TASK GOAL: What is needed is every line of the data that includes the word "TENKÁ". Please copy each one.

SOURCE INFORMATION:
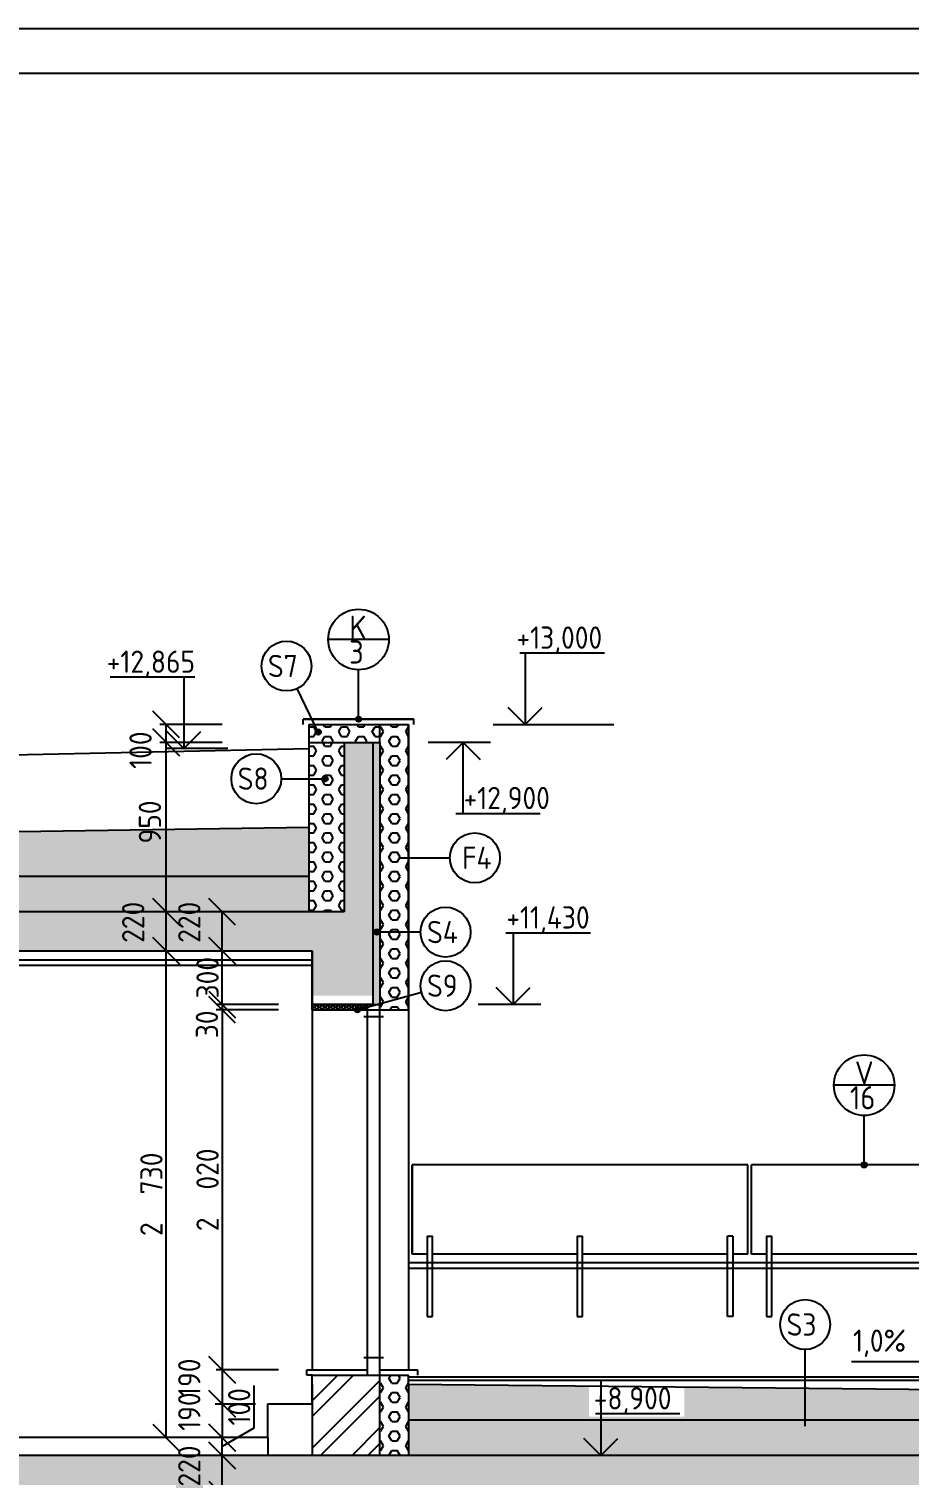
# Model space of a CAD drawing. Extents: x 3792242 to 5145247, y -1546315 to -1031918.
# Drawn here: x 3994786 to 3999726, y -1525967 to -1517856 of the extents above; entities that cross this region are included whole.
import ezdxf

# ---------------------------------------------------------------- set-up
doc = ezdxf.new("R2010")
doc.units = 0
doc.header["$MEASUREMENT"] = 0
doc.layers.get('0').update_dxf_attribs({"linetype": 'CONTINUOUS'})
doc.layers.get('Defpoints').update_dxf_attribs({"color": 61, "linetype": 'CONTINUOUS'})
for name, color, linetype in [('KÓTY', 4, 'CONTINUOUS'), ('MÚRY', 1, 'CONTINUOUS'), ('OKNÁ', 143, 'CONTINUOUS'), ('POZEMOK', 7, 'CONTINUOUS'), ('TENKÁ', 7, 'CONTINUOUS'), ('ZARIADENIE1', 145, 'CONTINUOUS'), ('ŠRAFY', 82, 'CONTINUOUS'), ('šrafy-múry', 8, 'CONTINUOUS')]:
    doc.layers.add(name, color=color, linetype=linetype)
doc.styles.add('STYLE1', font='isocp.shx')
doc.dimstyles.new('STANDARD-50', dxfattribs={"dimtxt": 125, "dimasz": 150, "dimexe": 10, "dimexo": 200, "dimgap": 20, "dimtad": 1, "dimdsep": 46, "dimlunit": 6, "dimtxsty": 'STYLE1', "dimblk1": 'OBLIQUE', "dimblk2": 'OBLIQUE', "dimsah": 1, "dimcen": 2.5, "dimse1": 1, "dimse2": 1, "dimadec": 0, "dimazin": 0, "dimtfac": 1, "dimtmove": 1, "dimatfit": 3, "dimldrblk": 'OBLIQUE', "dimfxl": 1, "dimtolj": 1, "dimtzin": 0, "dimarcsym": 0})
pattern_1 = [(0, (-419459.063, -16997.075), (0, 54.12658774), [31.25, -62.5]), (120, (-419459.063, -16997.075), (-46.875, -27.06329387), [31.25, -62.5]), (60, (-419427.813, -16997.075), (-46.875, 27.06329387), [31.25, -62.5])]
pattern_2 = [(0, (-546523.74, 886.425), (0, 37.5), [37.5, -37.5]), (90, (-546523.74, 886.425), (-37.5, 2e-15), [37.5, -37.5])]

# ---------------------------------------------------------------- blocks, each defined once
blk = doc.blocks.new('_OBLIQUE')
at = {"color": 0, "linetype": 'ByBlock'}
blk.add_line((-0.5, -0.5), (0.5, 0.5), dxfattribs=at)
blk = doc.blocks.new('*D45372')
at = {"layer": 'Defpoints', "color": 0}
for p in [(3996345.1, -1525377.3), (3995870.9, -1525567.3), (3996345.1, -1525567.3)]:
    blk.add_point(p, dxfattribs=at)
at = {"layer": 'KÓTY', "color": 0, "lineweight": -2, "ltscale": 0.25}
blk.add_line((3995870.9, -1525377.3), (3995870.9, -1525567.3), dxfattribs=at)
at = {"layer": 'KÓTY', "color": 0, "linetype": 'ByBlock', "lineweight": -2, "xscale": 150, "yscale": 150, "zscale": 150}
for p, rotation in [((3995870.9, -1525377.3), 90), ((3995870.9, -1525567.3), 270)]:
    blk.add_blockref('_OBLIQUE', p, dxfattribs=dict(at, rotation=rotation))
at = {"layer": 'KÓTY', "color": 0, "insert": (3995685.9, -1525421.6), "char_height": 125, "attachment_point": 5, "rotation": 90, "style": 'STYLE1'}
blk.add_mtext('\\A1;190', dxfattribs=at)
blk = doc.blocks.new('*D45373')
at = {"layer": 'Defpoints', "color": 0}
for p in [(3996345.1, -1523357.3), (3995870.9, -1525377.3), (3996345.1, -1525377.3)]:
    blk.add_point(p, dxfattribs=at)
at = {"layer": 'KÓTY', "color": 0, "lineweight": -2, "ltscale": 0.25}
blk.add_line((3995870.9, -1523357.3), (3995870.9, -1525377.3), dxfattribs=at)
at = {"layer": 'KÓTY', "color": 0, "linetype": 'ByBlock', "lineweight": -2, "xscale": 150, "yscale": 150, "zscale": 150}
for p, rotation in [((3995870.9, -1523357.3), 90), ((3995870.9, -1525377.3), 270)]:
    blk.add_blockref('_OBLIQUE', p, dxfattribs=dict(at, rotation=rotation))
at = {"layer": 'KÓTY', "color": 0, "insert": (3995788.4, -1524367.3), "char_height": 125, "attachment_point": 5, "rotation": 90, "style": 'STYLE1'}
blk.add_mtext('\\A1;2ﾠ020', dxfattribs=at)
blk = doc.blocks.new('*D52220')
at = {"layer": 'Defpoints', "color": 0}
for p in [(3995870.9, -1523027.3), (3996375.9, -1523027.3), (3996375.9, -1523327.3)]:
    blk.add_point(p, dxfattribs=at)
at = {"layer": 'KÓTY', "color": 0, "lineweight": -2, "ltscale": 0.25}
blk.add_line((3995870.9, -1523327.3), (3995870.9, -1523027.3), dxfattribs=at)
at = {"layer": 'KÓTY', "color": 0, "linetype": 'ByBlock', "lineweight": -2, "xscale": 150, "yscale": 150, "zscale": 150}
for p, rotation in [((3995870.9, -1523027.3), 90), ((3995870.9, -1523327.3), 270)]:
    blk.add_blockref('_OBLIQUE', p, dxfattribs=dict(at, rotation=rotation))
at = {"layer": 'KÓTY', "color": 0, "insert": (3995788.4, -1523177.3), "char_height": 125, "attachment_point": 5, "rotation": 90, "style": 'STYLE1'}
blk.add_mtext('\\A1;300', dxfattribs=at)
blk = doc.blocks.new('*D52221')
at = {"layer": 'Defpoints', "color": 0}
for p in [(3995870.9, -1522807.3), (3996355.9, -1522807.3), (3996375.9, -1523027.3)]:
    blk.add_point(p, dxfattribs=at)
at = {"layer": 'KÓTY', "color": 0, "lineweight": -2, "ltscale": 0.25}
blk.add_line((3995870.9, -1523027.3), (3995870.9, -1522807.3), dxfattribs=at)
at = {"layer": 'KÓTY', "color": 0, "linetype": 'ByBlock', "lineweight": -2, "xscale": 150, "yscale": 150, "zscale": 150}
for p, rotation in [((3995870.9, -1522807.3), 90), ((3995870.9, -1523027.3), 270)]:
    blk.add_blockref('_OBLIQUE', p, dxfattribs=dict(at, rotation=rotation))
at = {"layer": 'KÓTY', "color": 0, "insert": (3995685.9, -1522866.6), "char_height": 125, "attachment_point": 5, "rotation": 90, "style": 'STYLE1'}
blk.add_mtext('\\A1;220', dxfattribs=at)
blk = doc.blocks.new('*D52223')
at = {"layer": 'Defpoints', "color": 0}
for p in [(3995555.9, -1523027.3), (3995555.9, -1523027.3), (3995555.9, -1525757.3)]:
    blk.add_point(p, dxfattribs=at)
at = {"layer": 'KÓTY', "color": 0, "lineweight": -2, "ltscale": 0.25}
blk.add_line((3995555.9, -1525757.3), (3995555.9, -1523027.3), dxfattribs=at)
at = {"layer": 'KÓTY', "color": 0, "linetype": 'ByBlock', "lineweight": -2, "xscale": 150, "yscale": 150, "zscale": 150}
for p, rotation in [((3995555.9, -1523027.3), 90), ((3995555.9, -1525757.3), 270)]:
    blk.add_blockref('_OBLIQUE', p, dxfattribs=dict(at, rotation=rotation))
at = {"layer": 'KÓTY', "color": 0, "insert": (3995473.4, -1524392.3), "char_height": 125, "attachment_point": 5, "rotation": 90, "style": 'STYLE1'}
blk.add_mtext('\\A1;2ﾠ730', dxfattribs=at)
blk = doc.blocks.new('*D52226')
at = {"layer": 'Defpoints', "color": 0}
for p in [(3995555.9, -1521857.3), (3996035.4, -1521857.3), (3996035.4, -1522807.3)]:
    blk.add_point(p, dxfattribs=at)
at = {"layer": 'KÓTY', "color": 0, "lineweight": -2, "ltscale": 0.25}
blk.add_line((3995555.9, -1522807.3), (3995555.9, -1521857.3), dxfattribs=at)
at = {"layer": 'KÓTY', "color": 0, "linetype": 'ByBlock', "lineweight": -2, "xscale": 150, "yscale": 150, "zscale": 150}
for p, rotation in [((3995555.9, -1521857.3), 90), ((3995555.9, -1522807.3), 270)]:
    blk.add_blockref('_OBLIQUE', p, dxfattribs=dict(at, rotation=rotation))
at = {"layer": 'KÓTY', "color": 0, "insert": (3995464.9, -1522304.1), "char_height": 125, "attachment_point": 5, "rotation": 90, "style": 'STYLE1'}
blk.add_mtext('\\A1;950', dxfattribs=at)
blk = doc.blocks.new('*D52227')
at = {"layer": 'Defpoints', "color": 0}
for p in [(3995555.9, -1521757.3), (3996035.4, -1521757.3), (3996035.4, -1521857.3)]:
    blk.add_point(p, dxfattribs=at)
at = {"layer": 'KÓTY', "color": 0, "lineweight": -2, "ltscale": 0.25}
blk.add_line((3995555.9, -1521857.3), (3995555.9, -1521757.3), dxfattribs=at)
at = {"layer": 'KÓTY', "color": 0, "linetype": 'ByBlock', "lineweight": -2, "xscale": 150, "yscale": 150, "zscale": 150}
for p, rotation in [((3995555.9, -1521757.3), 90), ((3995555.9, -1521857.3), 270)]:
    blk.add_blockref('_OBLIQUE', p, dxfattribs=dict(at, rotation=rotation))
at = {"layer": 'KÓTY', "color": 0, "insert": (3995412.4, -1521901.1), "char_height": 125, "attachment_point": 5, "rotation": 90, "style": 'STYLE1'}
blk.add_mtext('\\A1;100', dxfattribs=at)
blk = doc.blocks.new('*D52228')
at = {"layer": 'Defpoints', "color": 0}
for p in [(3995555.9, -1522807.3), (3996040.9, -1522807.3), (3996060.9, -1523027.3)]:
    blk.add_point(p, dxfattribs=at)
at = {"layer": 'KÓTY', "color": 0, "lineweight": -2, "ltscale": 0.25}
blk.add_line((3995555.9, -1523027.3), (3995555.9, -1522807.3), dxfattribs=at)
at = {"layer": 'KÓTY', "color": 0, "linetype": 'ByBlock', "lineweight": -2, "xscale": 150, "yscale": 150, "zscale": 150}
for p, rotation in [((3995555.9, -1522807.3), 90), ((3995555.9, -1523027.3), 270)]:
    blk.add_blockref('_OBLIQUE', p, dxfattribs=dict(at, rotation=rotation))
at = {"layer": 'KÓTY', "color": 0, "insert": (3995370.9, -1522866.6), "char_height": 125, "attachment_point": 5, "rotation": 90, "style": 'STYLE1'}
blk.add_mtext('\\A1;220', dxfattribs=at)
blk = doc.blocks.new('*D52229')
at = {"layer": 'Defpoints', "color": 0}
for p in [(3995870.9, -1523357.3), (3996372.6, -1523327.3), (3996372.6, -1523357.3)]:
    blk.add_point(p, dxfattribs=at)
at = {"layer": 'KÓTY', "color": 0, "lineweight": -2, "ltscale": 0.25}
for p, q in [((3995870.9, -1523327.3), (3995870.9, -1523177.3)), ((3995870.9, -1523327.3), (3995870.9, -1523357.3)), ((3995870.9, -1523357.3), (3995870.9, -1523507.3))]:
    blk.add_line(p, q, dxfattribs=at)
at = {"layer": 'KÓTY', "color": 0, "linetype": 'ByBlock', "lineweight": -2, "xscale": 150, "yscale": 150, "zscale": 150}
for p, rotation in [((3995870.9, -1523327.3), 270), ((3995870.9, -1523357.3), 90)]:
    blk.add_blockref('_OBLIQUE', p, dxfattribs=dict(at, rotation=rotation))
at = {"layer": 'KÓTY', "color": 0, "insert": (3995784.8, -1523439.1), "char_height": 125, "attachment_point": 5, "rotation": 90, "style": 'STYLE1'}
blk.add_mtext('\\A1;30', dxfattribs=at)
blk = doc.blocks.new('*D52230')
at = {"layer": 'Defpoints', "color": 0}
for p in [(3996345.1, -1525567.3), (3995870.9, -1525757.3), (3996345.1, -1525757.3)]:
    blk.add_point(p, dxfattribs=at)
at = {"layer": 'KÓTY', "color": 0, "lineweight": -2, "ltscale": 0.25}
blk.add_line((3995870.9, -1525567.3), (3995870.9, -1525757.3), dxfattribs=at)
at = {"layer": 'KÓTY', "color": 0, "linetype": 'ByBlock', "lineweight": -2, "xscale": 150, "yscale": 150, "zscale": 150}
for p, rotation in [((3995870.9, -1525567.3), 90), ((3995870.9, -1525757.3), 270)]:
    blk.add_blockref('_OBLIQUE', p, dxfattribs=dict(at, rotation=rotation))
at = {"layer": 'KÓTY', "color": 0, "insert": (3995685.9, -1525611.6), "char_height": 125, "attachment_point": 5, "rotation": 90, "style": 'STYLE1'}
blk.add_mtext('\\A1;190', dxfattribs=at)
blk = doc.blocks.new('*D52236')
at = {"layer": 'Defpoints', "color": 0}
for p in [(3995870.9, -1525857.3), (3996375.9, -1525857.3), (3996375.9, -1526077.3)]:
    blk.add_point(p, dxfattribs=at)
at = {"layer": 'KÓTY', "color": 0, "lineweight": -2, "ltscale": 0.25}
blk.add_line((3995870.9, -1526077.3), (3995870.9, -1525857.3), dxfattribs=at)
at = {"layer": 'KÓTY', "color": 0, "linetype": 'ByBlock', "lineweight": -2, "xscale": 150, "yscale": 150, "zscale": 150}
for p, rotation in [((3995870.9, -1525857.3), 90), ((3995870.9, -1526077.3), 270)]:
    blk.add_blockref('_OBLIQUE', p, dxfattribs=dict(at, rotation=rotation))
at = {"layer": 'KÓTY', "color": 0, "insert": (3995685.9, -1525916.6), "char_height": 125, "attachment_point": 5, "rotation": 90, "style": 'STYLE1'}
blk.add_mtext('\\A1;220', dxfattribs=at)
blk = doc.blocks.new('*D52237')
at = {"layer": 'Defpoints', "color": 0}
for p in [(3995870.9, -1525757.3), (3996375.9, -1525757.3), (3996375.9, -1525857.3)]:
    blk.add_point(p, dxfattribs=at)
at = {"layer": 'KÓTY', "color": 0, "lineweight": -2, "ltscale": 0.25}
for p, q in [((3996048.4, -1525464.5), (3996048.4, -1525704.6)), ((3996048.4, -1525704.6), (3995870.9, -1525807.3)), ((3995870.9, -1525857.3), (3995870.9, -1525757.3))]:
    blk.add_line(p, q, dxfattribs=at)
at = {"layer": 'KÓTY', "color": 0, "linetype": 'ByBlock', "lineweight": -2, "xscale": 150, "yscale": 150, "zscale": 150}
for p, rotation in [((3995870.9, -1525757.3), 90), ((3995870.9, -1525857.3), 270)]:
    blk.add_blockref('_OBLIQUE', p, dxfattribs=dict(at, rotation=rotation))
at = {"layer": 'KÓTY', "color": 0, "insert": (3995965.9, -1525584.5), "char_height": 125, "attachment_point": 5, "rotation": 90, "style": 'STYLE1'}
blk.add_mtext('\\A1;100', dxfattribs=at)

msp = doc.modelspace()

# ---------------------------------------------------------------- hatches: boundary and pattern name
at = {"layer": 'TENKÁ'}
h = msp.add_hatch(color=256, dxfattribs=at)
h.dxf.hatch_style = 1
h.paths.add_polyline_path([(3996635.937, -1521712.345, 2.41421356), (3996650.937, -1521727.345, 0.41421356)])
h = msp.add_hatch(color=256, dxfattribs=at)
h.dxf.hatch_style = 1
h.paths.add_polyline_path([(3996409.937, -1521784.575, 2.41421356), (3996424.937, -1521799.575, 0.41421356)])
h = msp.add_hatch(color=256, dxfattribs=at)
h.dxf.hatch_style = 1
h.paths.add_polyline_path([(3996447.937, -1522046.251, 2.41421356), (3996462.937, -1522061.251, 0.41421356)])
h = msp.add_hatch(color=256, dxfattribs=at)
h.dxf.hatch_style = 1
h.paths.add_polyline_path([(3996738.437, -1522906.751, -2.41421356), (3996723.437, -1522921.751, -0.41421356)])
h = msp.add_hatch(color=256, dxfattribs=at)
h.dxf.hatch_style = 1
h.paths.add_polyline_path([(3996629.437, -1523342.521, 2.41421356), (3996644.437, -1523357.521, 0.41421356)])
h = msp.add_hatch(color=256, dxfattribs=at)
h.dxf.hatch_style = 1
h.paths.add_polyline_path([(3999473.437, -1524212.345, 2.41421356), (3999488.437, -1524227.345, 0.41421356)])
at = {"layer": 'ŠRAFY'}
h = msp.add_hatch(dxfattribs=at)
h.set_pattern_fill('HEX', color=256, scale=250)
h.set_pattern_definition(pattern_1)
h.paths.add_polyline_path([(3996355.937, -1521757.345), (3996355.937, -1522127.075), (3996355.937, -1522257.345), (3996355.937, -1522373.67), (3996355.937, -1522607.345), (3996355.937, -1522807.345), (3996555.937, -1522807.345), (3996555.937, -1521857.345), (3996715.937, -1521857.345), (3996755.937, -1521857.345), (3996755.937, -1523357.345), (3996915.937, -1523357.345), (3996915.937, -1521757.345)])
h = msp.add_hatch(dxfattribs=at)
h.set_pattern_fill('HONEY', color=256, scale=80, angle=180)
h.set_pattern_definition([(0, (-450408.063, -22997.075), (15, 8.660254038), [10, -20]), (120, (-450408.063, -22997.075), (-15, 8.660254038), [10, -20]), (60, (-450408.063, -22997.075), (9e-15, 17.320508076), [-20, 10])])
h.paths.add_polyline_path([(3996715.937, -1521857.345), (3996715.937, -1523327.345), (3996755.937, -1523327.345), (3996755.937, -1521857.345)])
h = msp.add_hatch(dxfattribs=at)
h.set_pattern_fill('SQUARE', color=256, scale=300)
h.set_pattern_definition(pattern_2)
h.paths.add_polyline_path([(3996355.937, -1522607.345), (3996355.937, -1522373.67), (3996355.937, -1522334.895), (3994225.937, -1522366.845), (3988959.218, -1522445.846), (3988959.218, -1522607.345)])
h.paths.add_polyline_path([(3995339.937, -1522447.874), (3995339.937, -1522160.276), (3995589.937, -1522160.276), (3995589.937, -1522447.874)], flags=9)
h = msp.add_hatch(dxfattribs=at)
h.set_pattern_fill('SQUARE', color=256, scale=300)
h.set_pattern_definition(pattern_2)
h.paths.add_polyline_path([(3988959.218, -1522807.345), (3996355.937, -1522807.345), (3996355.937, -1522607.345), (3988959.218, -1522607.345)])
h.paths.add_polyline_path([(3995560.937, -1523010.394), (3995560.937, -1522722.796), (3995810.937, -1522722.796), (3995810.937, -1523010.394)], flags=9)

SOLUTION FOR THIS PROBLEM:
for name, color, linetype in [('KÓTY', 4, 'CONTINUOUS'), ('MÚRY', 1, 'CONTINUOUS'), ('OKNÁ', 143, 'CONTINUOUS'), ('POZEMOK', 7, 'CONTINUOUS'), ('TENKÁ', 7, 'CONTINUOUS'), ('ZARIADENIE1', 145, 'CONTINUOUS'), ('ŠRAFY', 82, 'CONTINUOUS'), ('šrafy-múry', 8, 'CONTINUOUS')]:
at = {"layer": 'TENKÁ'}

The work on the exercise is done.